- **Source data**
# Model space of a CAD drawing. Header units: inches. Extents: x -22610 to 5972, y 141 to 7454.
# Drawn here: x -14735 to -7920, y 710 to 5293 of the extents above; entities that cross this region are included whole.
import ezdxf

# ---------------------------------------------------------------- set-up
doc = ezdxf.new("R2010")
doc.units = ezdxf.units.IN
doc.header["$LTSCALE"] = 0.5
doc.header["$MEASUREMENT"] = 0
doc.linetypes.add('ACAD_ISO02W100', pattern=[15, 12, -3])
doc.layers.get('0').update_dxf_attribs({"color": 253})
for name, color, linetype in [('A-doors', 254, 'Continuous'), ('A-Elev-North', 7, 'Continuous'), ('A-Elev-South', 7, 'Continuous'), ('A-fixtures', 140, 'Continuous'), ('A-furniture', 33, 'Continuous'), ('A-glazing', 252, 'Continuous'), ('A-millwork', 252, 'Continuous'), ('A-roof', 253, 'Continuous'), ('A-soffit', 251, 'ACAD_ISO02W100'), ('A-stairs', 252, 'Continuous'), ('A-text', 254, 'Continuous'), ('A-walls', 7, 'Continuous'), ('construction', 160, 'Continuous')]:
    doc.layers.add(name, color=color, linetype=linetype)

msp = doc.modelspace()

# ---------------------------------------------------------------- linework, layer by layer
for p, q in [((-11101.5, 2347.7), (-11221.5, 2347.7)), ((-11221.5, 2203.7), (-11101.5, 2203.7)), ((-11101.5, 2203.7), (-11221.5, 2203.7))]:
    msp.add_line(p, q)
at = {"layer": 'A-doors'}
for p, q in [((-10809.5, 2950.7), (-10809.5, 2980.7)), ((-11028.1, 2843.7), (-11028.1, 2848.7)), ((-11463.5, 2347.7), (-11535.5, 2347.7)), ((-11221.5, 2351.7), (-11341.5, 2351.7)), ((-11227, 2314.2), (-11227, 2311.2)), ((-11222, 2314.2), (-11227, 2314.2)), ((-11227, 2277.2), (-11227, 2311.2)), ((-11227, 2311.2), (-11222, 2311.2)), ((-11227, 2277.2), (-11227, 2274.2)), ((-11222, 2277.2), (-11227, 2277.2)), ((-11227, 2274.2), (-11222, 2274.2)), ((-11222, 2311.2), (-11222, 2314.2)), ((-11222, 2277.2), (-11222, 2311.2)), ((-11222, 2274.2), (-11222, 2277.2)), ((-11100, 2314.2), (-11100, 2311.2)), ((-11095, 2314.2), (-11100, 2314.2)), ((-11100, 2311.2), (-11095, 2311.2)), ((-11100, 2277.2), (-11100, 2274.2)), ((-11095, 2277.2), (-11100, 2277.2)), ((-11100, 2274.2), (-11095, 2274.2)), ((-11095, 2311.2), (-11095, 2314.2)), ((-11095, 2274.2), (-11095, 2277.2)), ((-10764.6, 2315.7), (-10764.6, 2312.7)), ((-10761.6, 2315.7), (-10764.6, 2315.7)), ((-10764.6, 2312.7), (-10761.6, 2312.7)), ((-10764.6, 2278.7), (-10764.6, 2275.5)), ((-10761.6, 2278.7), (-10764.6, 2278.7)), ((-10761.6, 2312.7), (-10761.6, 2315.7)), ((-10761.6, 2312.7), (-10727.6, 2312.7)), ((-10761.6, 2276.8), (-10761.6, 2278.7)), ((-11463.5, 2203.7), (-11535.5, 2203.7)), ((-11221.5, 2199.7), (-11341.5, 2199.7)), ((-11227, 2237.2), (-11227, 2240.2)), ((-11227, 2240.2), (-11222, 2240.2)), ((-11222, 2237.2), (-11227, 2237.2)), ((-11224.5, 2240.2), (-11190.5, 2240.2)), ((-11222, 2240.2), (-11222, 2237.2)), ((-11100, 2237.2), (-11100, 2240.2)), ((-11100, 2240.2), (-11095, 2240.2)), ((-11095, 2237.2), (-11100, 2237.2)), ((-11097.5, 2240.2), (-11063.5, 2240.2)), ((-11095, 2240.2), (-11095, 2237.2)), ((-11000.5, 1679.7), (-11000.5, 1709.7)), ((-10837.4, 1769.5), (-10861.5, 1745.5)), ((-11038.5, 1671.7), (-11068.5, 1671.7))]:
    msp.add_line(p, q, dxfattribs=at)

- **YOUR INSTRUCTIONS**
Respond with nothing but the number of lines in the data above that include the word "color".

- **ANSWER SECTION**
3